Use of glycoprotein IIb/IIIa inhibitors in invasively-treated patients with non-ST elevation acute coronary syndrome.
MedLine Citation:
PMID:  16645379     Owner:  NLM     Status:  MEDLINE    
Background In patients with non-ST elevation acute coronary syndrome (NST-ACS) that is treated invasively, glycoprotein (GP) IIb/IIIa inhibitors can be used either as upstream treatment in a coronary care unit or as downstream provisional treatment in selected patients who are undergoing percutaneous coronary intervention (PCI). The relative advantage of either strategy is unknown. The purpose of this study was to assess 30-day outcome of patients enrolled in a prospective NST-ACS registry and treated invasively with either of these two therapeutic strategies. Methods Patients treated invasively (coronary arteriography within 4 days of admission), in the prospective registry ROSAI-2, were divided into two groups according to the upstream use of GPIIb/IIIa inhibitors (n = 241), or not (n = 548). In the latter group, 76 (14%) patients received GPIIb/IIIa in association with a PCI procedure. Clinical and angiographic characteristics as well as in-hospital and 30-day outcome of these two groups of patients were compared. Results The two groups were similar with respect to age, sex, presence of hypertension, diabetes, number of PCI procedures. However, patients treated with upstream GPllb/llla blockers had more frequently ST-segment depression (P = 0.002), a high TIMI risk score (P = 0.01) and were more frequently admitted to centres with Cath Lab facilities (P = 0.001).
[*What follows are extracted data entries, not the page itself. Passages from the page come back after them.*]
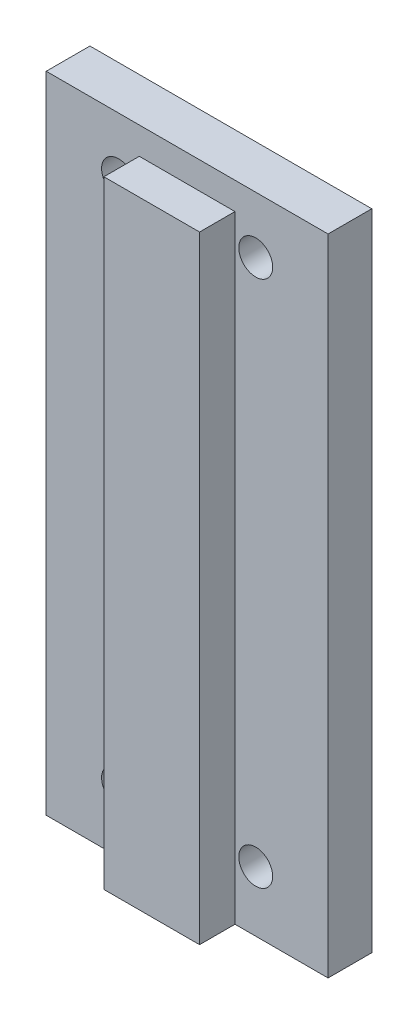
ISO-10303-21;
HEADER;
FILE_DESCRIPTION(('STEP AP214'),'2;1');
FILE_NAME('part.step','',(''),(''),'','','');
FILE_SCHEMA(('AUTOMOTIVE_DESIGN { 1 0 10303 214 1 1 1 1 }'));
ENDSEC;
DATA;
#1=APPLICATION_CONTEXT('core data for automotive mechanical design processes');
#2=APPLICATION_PROTOCOL_DEFINITION('international standard','automotive_design',2000,#1);
#3=PRODUCT_CONTEXT('',#1,'mechanical');
#4=PRODUCT('Part','Part','',(#3));
#5=PRODUCT_RELATED_PRODUCT_CATEGORY('part','',(#4));
#6=PRODUCT_DEFINITION_FORMATION('','',#4);
#7=PRODUCT_DEFINITION_CONTEXT('part definition',#1,'design');
#8=PRODUCT_DEFINITION('design','',#6,#7);
#9=PRODUCT_DEFINITION_SHAPE('','',#8);
#10=(LENGTH_UNIT() NAMED_UNIT(*) SI_UNIT(.MILLI.,.METRE.));
#11=(NAMED_UNIT(*) PLANE_ANGLE_UNIT() SI_UNIT($,.RADIAN.));
#12=(NAMED_UNIT(*) SI_UNIT($,.STERADIAN.) SOLID_ANGLE_UNIT());
#13=UNCERTAINTY_MEASURE_WITH_UNIT(LENGTH_MEASURE(1.E-05),#10,'distance_accuracy_value','');
#14=(GEOMETRIC_REPRESENTATION_CONTEXT(3) GLOBAL_UNCERTAINTY_ASSIGNED_CONTEXT((#13)) GLOBAL_UNIT_ASSIGNED_CONTEXT((#10,
#11,#12)) REPRESENTATION_CONTEXT('',''));
#15=CARTESIAN_POINT('',(0.,0.,0.));
#16=DIRECTION('',(0.,0.,1.));
#17=DIRECTION('',(1.,0.,0.));
#18=AXIS2_PLACEMENT_3D('',#15,#16,#17);
#19=CARTESIAN_POINT('',(0.,0.,5.79999999999997));
#20=DIRECTION('',(0.,0.,-1.));
#21=DIRECTION('',(-1.,0.,0.));
#22=AXIS2_PLACEMENT_3D('',#19,#20,#21);
#23=PLANE('',#22);
#24=CARTESIAN_POINT('',(27.8,7.99999999999998,5.79999999999997));
#25=DIRECTION('',(0.,0.,-1.));
#26=DIRECTION('',(-1.,0.,0.));
#27=AXIS2_PLACEMENT_3D('',#24,#25,#26);
#28=CIRCLE('',#27,2.25);
#29=CARTESIAN_POINT('',(25.55,8.00000000000001,5.79999999999997));
#30=VERTEX_POINT('',#29);
#31=EDGE_CURVE('E330',#30,#30,#28,.F.);
#32=ORIENTED_EDGE('',*,*,#31,.F.);
#33=EDGE_LOOP('',(#32));
#34=FACE_BOUND('',#33,.T.);
#35=CARTESIAN_POINT('',(9.6,8.00000000000001,5.79999999999997));
#36=DIRECTION('',(0.,0.,-1.));
#37=DIRECTION('',(-1.,0.,0.));
#38=AXIS2_PLACEMENT_3D('',#35,#36,#37);
#39=CIRCLE('',#38,2.25);
#40=CARTESIAN_POINT('',(7.35000000000001,8.00000000000001,5.79999999999997));
#41=VERTEX_POINT('',#40);
#42=EDGE_CURVE('E341',#41,#41,#39,.F.);
#43=ORIENTED_EDGE('',*,*,#42,.F.);
#44=EDGE_LOOP('',(#43));
#45=FACE_BOUND('',#44,.T.);
#46=CARTESIAN_POINT('',(9.59999999999998,78.,5.80000000000003));
#47=DIRECTION('',(0.,0.,-1.));
#48=DIRECTION('',(-1.,0.,0.));
#49=AXIS2_PLACEMENT_3D('',#46,#47,#48);
#50=CIRCLE('',#49,2.25);
#51=CARTESIAN_POINT('',(7.35,78.,5.80000000000003));
#52=VERTEX_POINT('',#51);
#53=EDGE_CURVE('E348',#52,#52,#50,.F.);
#54=ORIENTED_EDGE('',*,*,#53,.F.);
#55=EDGE_LOOP('',(#54));
#56=FACE_BOUND('',#55,.T.);
#57=CARTESIAN_POINT('',(27.8,78.,5.80000000000003));
#58=DIRECTION('',(0.,0.,-1.));
#59=DIRECTION('',(-1.,0.,0.));
#60=AXIS2_PLACEMENT_3D('',#57,#58,#59);
#61=CIRCLE('',#60,2.25);
#62=CARTESIAN_POINT('',(25.55,78.,5.80000000000003));
#63=VERTEX_POINT('',#62);
#64=EDGE_CURVE('E214',#63,#63,#61,.F.);
#65=ORIENTED_EDGE('',*,*,#64,.F.);
#66=EDGE_LOOP('',(#65));
#67=FACE_BOUND('',#66,.T.);
#68=DIRECTION('',(0.,-1.,0.));
#69=VECTOR('',#68,1.);
#70=CARTESIAN_POINT('',(12.35,0.,5.79999999999997));
#71=LINE('',#70,#69);
#72=CARTESIAN_POINT('',(12.35,81.9,5.8));
#73=VERTEX_POINT('',#72);
#74=CARTESIAN_POINT('',(12.35,0.,5.79999999999997));
#75=VERTEX_POINT('',#74);
#76=EDGE_CURVE('E54',#73,#75,#71,.T.);
#77=ORIENTED_EDGE('',*,*,#76,.F.);
#78=DIRECTION('',(-1.,0.,0.));
#79=VECTOR('',#78,1.);
#80=CARTESIAN_POINT('',(12.35,81.9,5.8));
#81=LINE('',#80,#79);
#82=CARTESIAN_POINT('',(25.05,81.9,5.8));
#83=VERTEX_POINT('',#82);
#84=EDGE_CURVE('E124',#83,#73,#81,.T.);
#85=ORIENTED_EDGE('',*,*,#84,.F.);
#86=DIRECTION('',(0.,1.,0.));
#87=VECTOR('',#86,1.);
#88=CARTESIAN_POINT('',(25.05,0.,5.79999999999997));
#89=LINE('',#88,#87);
#90=CARTESIAN_POINT('',(25.05,0.,5.79999999999997));
#91=VERTEX_POINT('',#90);
#92=EDGE_CURVE('E60',#91,#83,#89,.T.);
#93=ORIENTED_EDGE('',*,*,#92,.F.);
#94=DIRECTION('',(1.,0.,0.));
#95=VECTOR('',#94,1.);
#96=CARTESIAN_POINT('',(0.,0.,5.79999999999997));
#97=LINE('',#96,#95);
#98=CARTESIAN_POINT('',(37.4,0.,5.80000000000003));
#99=VERTEX_POINT('',#98);
#100=EDGE_CURVE('E144',#91,#99,#97,.T.);
#101=ORIENTED_EDGE('',*,*,#100,.T.);
#102=DIRECTION('',(0.,1.,0.));
#103=VECTOR('',#102,1.);
#104=CARTESIAN_POINT('',(37.4,0.,5.80000000000003));
#105=LINE('',#104,#103);
#106=CARTESIAN_POINT('',(37.4,85.5,5.8));
#107=VERTEX_POINT('',#106);
#108=EDGE_CURVE('E149',#99,#107,#105,.T.);
#109=ORIENTED_EDGE('',*,*,#108,.T.);
#110=DIRECTION('',(-1.,0.,0.));
#111=VECTOR('',#110,1.);
#112=CARTESIAN_POINT('',(0.,85.5,5.8));
#113=LINE('',#112,#111);
#114=CARTESIAN_POINT('',(0.,85.5,5.8));
#115=VERTEX_POINT('',#114);
#116=EDGE_CURVE('E152',#107,#115,#113,.T.);
#117=ORIENTED_EDGE('',*,*,#116,.T.);
#118=DIRECTION('',(0.,-1.,0.));
#119=VECTOR('',#118,1.);
#120=CARTESIAN_POINT('',(0.,0.,5.79999999999997));
#121=LINE('',#120,#119);
#122=CARTESIAN_POINT('',(0.,0.,5.79999999999997));
#123=VERTEX_POINT('',#122);
#124=EDGE_CURVE('E140',#115,#123,#121,.T.);
#125=ORIENTED_EDGE('',*,*,#124,.T.);
#126=EDGE_CURVE('E146',#123,#75,#97,.T.);
#127=ORIENTED_EDGE('',*,*,#126,.T.);
#128=EDGE_LOOP('',(#77,#85,#93,#101,#109,#117,#125,#127));
#129=FACE_BOUND('',#128,.T.);
#130=ADVANCED_FACE('F38',(#34,#45,#56,#67,#129),#23,.F.);
#131=CARTESIAN_POINT('',(0.,0.,5.79999999999997));
#132=DIRECTION('',(1.,0.,0.));
#133=DIRECTION('',(0.,0.,-1.));
#134=AXIS2_PLACEMENT_3D('',#131,#132,#133);
#135=PLANE('',#134);
#136=DIRECTION('',(0.,-1.,0.));
#137=VECTOR('',#136,1.);
#138=CARTESIAN_POINT('',(0.,0.,0.));
#139=LINE('',#138,#137);
#140=CARTESIAN_POINT('',(0.,85.5,0.));
#141=VERTEX_POINT('',#140);
#142=CARTESIAN_POINT('',(0.,0.,0.));
#143=VERTEX_POINT('',#142);
#144=EDGE_CURVE('E128',#141,#143,#139,.T.);
#145=ORIENTED_EDGE('',*,*,#144,.T.);
#146=DIRECTION('',(0.,0.,-1.));
#147=VECTOR('',#146,1.);
#148=CARTESIAN_POINT('',(0.,0.,5.79999999999997));
#149=LINE('',#148,#147);
#150=EDGE_CURVE('E11',#123,#143,#149,.T.);
#151=ORIENTED_EDGE('',*,*,#150,.F.);
#152=ORIENTED_EDGE('',*,*,#124,.F.);
#153=DIRECTION('',(0.,0.,-1.));
#154=VECTOR('',#153,1.);
#155=CARTESIAN_POINT('',(0.,85.5,5.8));
#156=LINE('',#155,#154);
#157=EDGE_CURVE('E154',#115,#141,#156,.T.);
#158=ORIENTED_EDGE('',*,*,#157,.T.);
#159=EDGE_LOOP('',(#145,#151,#152,#158));
#160=FACE_BOUND('',#159,.T.);
#161=ADVANCED_FACE('F40',(#160),#135,.F.);
#162=CARTESIAN_POINT('',(0.,0.,5.79999999999997));
#163=DIRECTION('',(0.,1.,0.));
#164=DIRECTION('',(0.,0.,1.));
#165=AXIS2_PLACEMENT_3D('',#162,#163,#164);
#166=PLANE('',#165);
#167=DIRECTION('',(1.,0.,0.));
#168=VECTOR('',#167,1.);
#169=CARTESIAN_POINT('',(0.,0.,0.));
#170=LINE('',#169,#168);
#171=CARTESIAN_POINT('',(37.4,0.,0.));
#172=VERTEX_POINT('',#171);
#173=EDGE_CURVE('E134',#143,#172,#170,.T.);
#174=ORIENTED_EDGE('',*,*,#173,.T.);
#175=DIRECTION('',(0.,0.,-1.));
#176=VECTOR('',#175,1.);
#177=CARTESIAN_POINT('',(37.4,0.,5.80000000000003));
#178=LINE('',#177,#176);
#179=EDGE_CURVE('E47',#99,#172,#178,.T.);
#180=ORIENTED_EDGE('',*,*,#179,.F.);
#181=ORIENTED_EDGE('',*,*,#100,.F.);
#182=DIRECTION('',(0.,0.,-1.));
#183=VECTOR('',#182,1.);
#184=CARTESIAN_POINT('',(25.05,0.,10.5));
#185=LINE('',#184,#183);
#186=CARTESIAN_POINT('',(25.05,0.,10.5));
#187=VERTEX_POINT('',#186);
#188=EDGE_CURVE('E109',#187,#91,#185,.T.);
#189=ORIENTED_EDGE('',*,*,#188,.F.);
#190=DIRECTION('',(1.,0.,0.));
#191=VECTOR('',#190,1.);
#192=CARTESIAN_POINT('',(12.35,0.,10.5));
#193=LINE('',#192,#191);
#194=CARTESIAN_POINT('',(12.35,0.,10.5));
#195=VERTEX_POINT('',#194);
#196=EDGE_CURVE('E103',#195,#187,#193,.T.);
#197=ORIENTED_EDGE('',*,*,#196,.F.);
#198=DIRECTION('',(0.,0.,-1.));
#199=VECTOR('',#198,1.);
#200=CARTESIAN_POINT('',(12.35,0.,10.5));
#201=LINE('',#200,#199);
#202=EDGE_CURVE('E107',#195,#75,#201,.T.);
#203=ORIENTED_EDGE('',*,*,#202,.T.);
#204=ORIENTED_EDGE('',*,*,#126,.F.);
#205=ORIENTED_EDGE('',*,*,#150,.T.);
#206=EDGE_LOOP('',(#174,#180,#181,#189,#197,#203,#204,#205));
#207=FACE_BOUND('',#206,.T.);
#208=ADVANCED_FACE('F105',(#207),#166,.F.);
#209=CARTESIAN_POINT('',(37.4,0.,5.80000000000003));
#210=DIRECTION('',(-1.,0.,0.));
#211=DIRECTION('',(0.,0.,1.));
#212=AXIS2_PLACEMENT_3D('',#209,#210,#211);
#213=PLANE('',#212);
#214=DIRECTION('',(0.,1.,0.));
#215=VECTOR('',#214,1.);
#216=CARTESIAN_POINT('',(37.4,0.,0.));
#217=LINE('',#216,#215);
#218=CARTESIAN_POINT('',(37.4,85.5,0.));
#219=VERTEX_POINT('',#218);
#220=EDGE_CURVE('E158',#172,#219,#217,.T.);
#221=ORIENTED_EDGE('',*,*,#220,.T.);
#222=DIRECTION('',(0.,0.,-1.));
#223=VECTOR('',#222,1.);
#224=CARTESIAN_POINT('',(37.4,85.5,5.8));
#225=LINE('',#224,#223);
#226=EDGE_CURVE('E166',#107,#219,#225,.T.);
#227=ORIENTED_EDGE('',*,*,#226,.F.);
#228=ORIENTED_EDGE('',*,*,#108,.F.);
#229=ORIENTED_EDGE('',*,*,#179,.T.);
#230=EDGE_LOOP('',(#221,#227,#228,#229));
#231=FACE_BOUND('',#230,.T.);
#232=ADVANCED_FACE('F176',(#231),#213,.F.);
#233=CARTESIAN_POINT('',(0.,85.5,5.8));
#234=DIRECTION('',(0.,-1.,0.));
#235=DIRECTION('',(0.,0.,-1.));
#236=AXIS2_PLACEMENT_3D('',#233,#234,#235);
#237=PLANE('',#236);
#238=DIRECTION('',(-1.,0.,0.));
#239=VECTOR('',#238,1.);
#240=CARTESIAN_POINT('',(0.,85.5,0.));
#241=LINE('',#240,#239);
#242=EDGE_CURVE('E145',#219,#141,#241,.T.);
#243=ORIENTED_EDGE('',*,*,#242,.T.);
#244=ORIENTED_EDGE('',*,*,#157,.F.);
#245=ORIENTED_EDGE('',*,*,#116,.F.);
#246=ORIENTED_EDGE('',*,*,#226,.T.);
#247=EDGE_LOOP('',(#243,#244,#245,#246));
#248=FACE_BOUND('',#247,.T.);
#249=ADVANCED_FACE('F184',(#248),#237,.F.);
#250=CARTESIAN_POINT('',(0.,0.,0.));
#251=DIRECTION('',(0.,0.,-1.));
#252=DIRECTION('',(-1.,0.,0.));
#253=AXIS2_PLACEMENT_3D('',#250,#251,#252);
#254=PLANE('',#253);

At 30-day follow-up, the composite of death, acute myocardial infarction and stroke, as well as major bleeding, was not significantly different between the two groups, although it occurred more frequently in patients who received upstream GPIIb/IIIa blockers (9.5% versus 5.7% and 1.7% versus 0.2%, respectively). By multivariate analysis, diabetes [odds ratio (OR) = 2.22, 95% confidence interval (CI) = 1.2-4.09] and a diagnosis on admission of non-Q-wave myocardial infarction (OR = 2.0, 95% Cl = 1.10-3.6) were independently related to outcome. No additional risk or benefit was related to upstream GPIIb/IIIa inhibitor treatment (OR = 1.5, 95% Cl = 0.84-2.68). Conclusions Among invasively-treated patients with NST-ACS, upstream treatment with GPIIb/IIIa inhibitors was used in those with a higher clinical risk profile, whereas downstream treatment was reserved for a limited number of patients undergoing PCI. Thirty-day outcome was similar in the two groups, irrespective of the treatment strategy used.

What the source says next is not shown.